Your instructions — Read through the listing below and copy each line in which the word "start" occurs.

Provided entries —

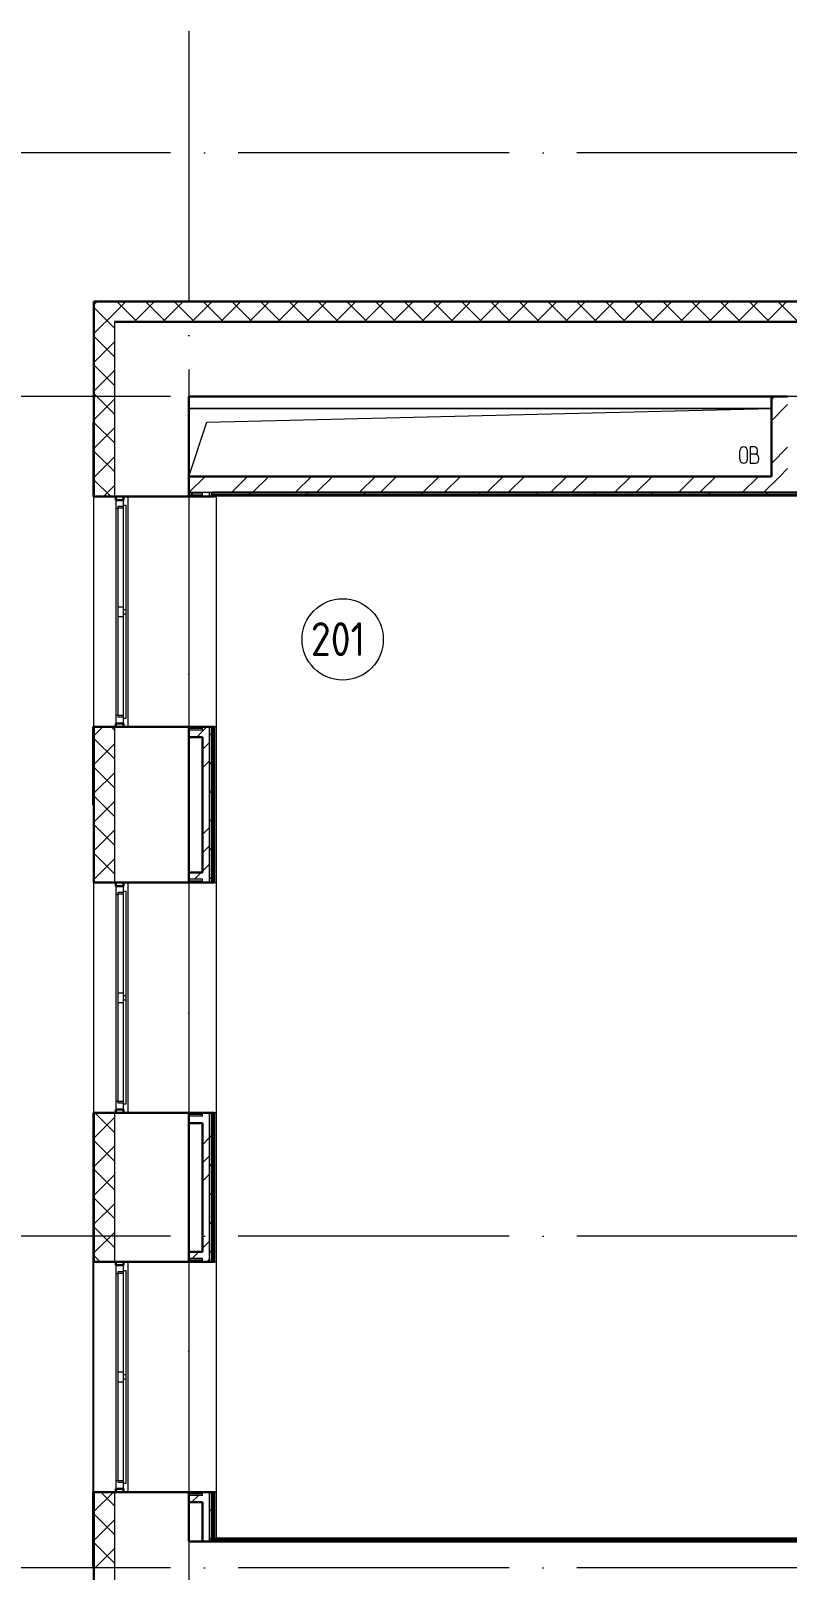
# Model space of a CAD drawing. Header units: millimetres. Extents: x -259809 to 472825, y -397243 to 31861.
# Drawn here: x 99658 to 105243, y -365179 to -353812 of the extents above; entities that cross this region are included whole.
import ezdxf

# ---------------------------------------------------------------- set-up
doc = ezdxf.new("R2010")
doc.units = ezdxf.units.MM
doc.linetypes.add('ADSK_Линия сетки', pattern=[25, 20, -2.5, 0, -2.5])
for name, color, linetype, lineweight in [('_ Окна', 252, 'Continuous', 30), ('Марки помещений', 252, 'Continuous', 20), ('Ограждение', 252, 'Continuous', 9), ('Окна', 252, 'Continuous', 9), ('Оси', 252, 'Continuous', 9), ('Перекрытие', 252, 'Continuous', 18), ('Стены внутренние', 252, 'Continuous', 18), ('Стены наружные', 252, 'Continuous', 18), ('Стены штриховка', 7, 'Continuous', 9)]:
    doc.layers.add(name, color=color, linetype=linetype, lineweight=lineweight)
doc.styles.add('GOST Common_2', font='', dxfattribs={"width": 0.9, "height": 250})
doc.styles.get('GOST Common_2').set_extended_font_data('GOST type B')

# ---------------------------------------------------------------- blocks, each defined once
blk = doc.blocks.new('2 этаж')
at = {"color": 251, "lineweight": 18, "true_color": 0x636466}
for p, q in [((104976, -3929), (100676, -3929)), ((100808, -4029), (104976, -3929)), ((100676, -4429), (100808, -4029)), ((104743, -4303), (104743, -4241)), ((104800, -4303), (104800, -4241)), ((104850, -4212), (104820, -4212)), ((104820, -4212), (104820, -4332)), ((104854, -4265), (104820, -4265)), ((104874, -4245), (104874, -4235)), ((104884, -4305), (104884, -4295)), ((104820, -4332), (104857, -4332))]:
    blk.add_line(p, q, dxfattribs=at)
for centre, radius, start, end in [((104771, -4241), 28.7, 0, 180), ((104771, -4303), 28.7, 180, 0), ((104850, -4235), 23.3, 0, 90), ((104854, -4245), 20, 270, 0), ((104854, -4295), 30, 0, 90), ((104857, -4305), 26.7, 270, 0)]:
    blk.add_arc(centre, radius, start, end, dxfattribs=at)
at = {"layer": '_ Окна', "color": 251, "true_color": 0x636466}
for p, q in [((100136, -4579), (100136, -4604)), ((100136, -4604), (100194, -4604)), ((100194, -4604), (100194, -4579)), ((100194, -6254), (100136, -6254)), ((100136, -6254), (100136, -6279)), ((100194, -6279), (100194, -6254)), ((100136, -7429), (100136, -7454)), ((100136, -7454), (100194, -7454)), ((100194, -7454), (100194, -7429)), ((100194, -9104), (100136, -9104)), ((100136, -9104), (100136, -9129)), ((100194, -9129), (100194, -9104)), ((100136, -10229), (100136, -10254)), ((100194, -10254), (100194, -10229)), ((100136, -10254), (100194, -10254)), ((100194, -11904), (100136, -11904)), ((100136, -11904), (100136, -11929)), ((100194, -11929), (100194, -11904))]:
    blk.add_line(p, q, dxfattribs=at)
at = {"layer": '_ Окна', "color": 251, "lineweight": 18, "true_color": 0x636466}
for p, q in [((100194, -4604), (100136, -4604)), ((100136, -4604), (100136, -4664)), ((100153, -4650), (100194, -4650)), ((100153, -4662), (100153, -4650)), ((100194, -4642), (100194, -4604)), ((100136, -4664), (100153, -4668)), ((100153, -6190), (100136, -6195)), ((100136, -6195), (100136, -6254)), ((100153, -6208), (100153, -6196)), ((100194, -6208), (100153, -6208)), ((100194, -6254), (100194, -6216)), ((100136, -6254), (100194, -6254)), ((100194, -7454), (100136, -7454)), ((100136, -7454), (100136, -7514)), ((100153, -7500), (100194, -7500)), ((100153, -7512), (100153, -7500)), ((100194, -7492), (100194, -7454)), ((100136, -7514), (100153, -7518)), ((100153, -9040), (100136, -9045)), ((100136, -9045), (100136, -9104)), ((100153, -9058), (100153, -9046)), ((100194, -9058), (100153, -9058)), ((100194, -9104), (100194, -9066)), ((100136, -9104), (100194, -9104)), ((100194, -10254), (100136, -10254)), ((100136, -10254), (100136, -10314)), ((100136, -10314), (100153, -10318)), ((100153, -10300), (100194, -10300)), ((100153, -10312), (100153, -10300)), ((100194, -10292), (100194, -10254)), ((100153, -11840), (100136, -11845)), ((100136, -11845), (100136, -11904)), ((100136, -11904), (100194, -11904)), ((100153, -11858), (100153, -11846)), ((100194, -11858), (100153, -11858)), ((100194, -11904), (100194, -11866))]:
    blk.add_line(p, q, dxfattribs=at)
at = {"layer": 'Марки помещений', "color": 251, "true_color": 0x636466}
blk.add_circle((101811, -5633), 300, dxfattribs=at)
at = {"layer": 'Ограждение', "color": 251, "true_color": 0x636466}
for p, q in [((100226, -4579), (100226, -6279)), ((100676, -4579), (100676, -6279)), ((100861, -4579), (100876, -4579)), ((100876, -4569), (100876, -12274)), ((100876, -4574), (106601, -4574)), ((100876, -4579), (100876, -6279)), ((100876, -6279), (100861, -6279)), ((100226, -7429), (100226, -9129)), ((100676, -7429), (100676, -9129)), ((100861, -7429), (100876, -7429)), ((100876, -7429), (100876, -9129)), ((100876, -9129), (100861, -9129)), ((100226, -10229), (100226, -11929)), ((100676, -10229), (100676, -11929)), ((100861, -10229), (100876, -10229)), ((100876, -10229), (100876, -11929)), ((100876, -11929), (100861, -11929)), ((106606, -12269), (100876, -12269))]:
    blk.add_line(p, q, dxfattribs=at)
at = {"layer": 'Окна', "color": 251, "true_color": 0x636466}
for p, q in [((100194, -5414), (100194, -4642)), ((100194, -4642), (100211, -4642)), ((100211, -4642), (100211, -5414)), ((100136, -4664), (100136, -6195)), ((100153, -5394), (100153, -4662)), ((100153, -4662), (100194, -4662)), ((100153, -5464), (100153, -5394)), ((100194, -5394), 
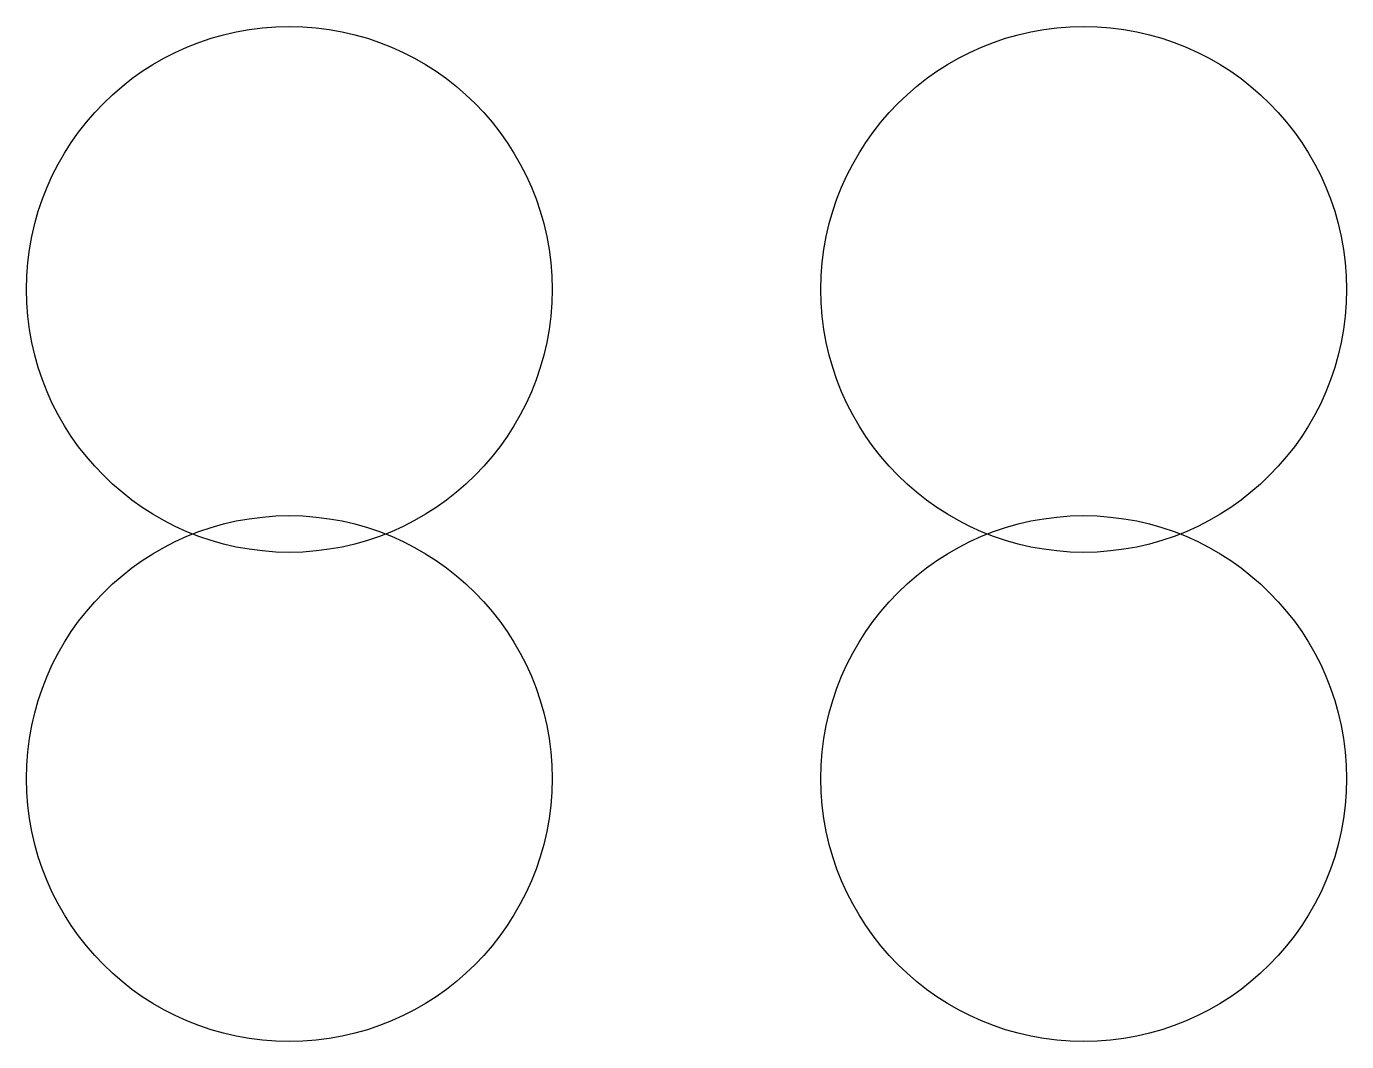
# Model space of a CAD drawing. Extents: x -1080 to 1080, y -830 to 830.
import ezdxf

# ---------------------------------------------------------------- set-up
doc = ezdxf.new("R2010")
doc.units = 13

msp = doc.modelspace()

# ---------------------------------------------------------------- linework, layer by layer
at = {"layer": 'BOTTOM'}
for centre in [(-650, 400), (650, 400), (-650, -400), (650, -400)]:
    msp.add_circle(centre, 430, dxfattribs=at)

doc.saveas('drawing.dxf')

Exercise solution —
for centre, radius, start, end in [((104771, -4241), 28.7, 0, 180), ((104771, -4303), 28.7, 180, 0), ((104850, -4235), 23.3, 0, 90), ((104854, -4245), 20, 270, 0), ((104854, -4295), 30, 0, 90), ((104857, -4305), 26.7, 270, 0)]:
    blk.add_arc(centre, radius, start, end, dxfattribs=at)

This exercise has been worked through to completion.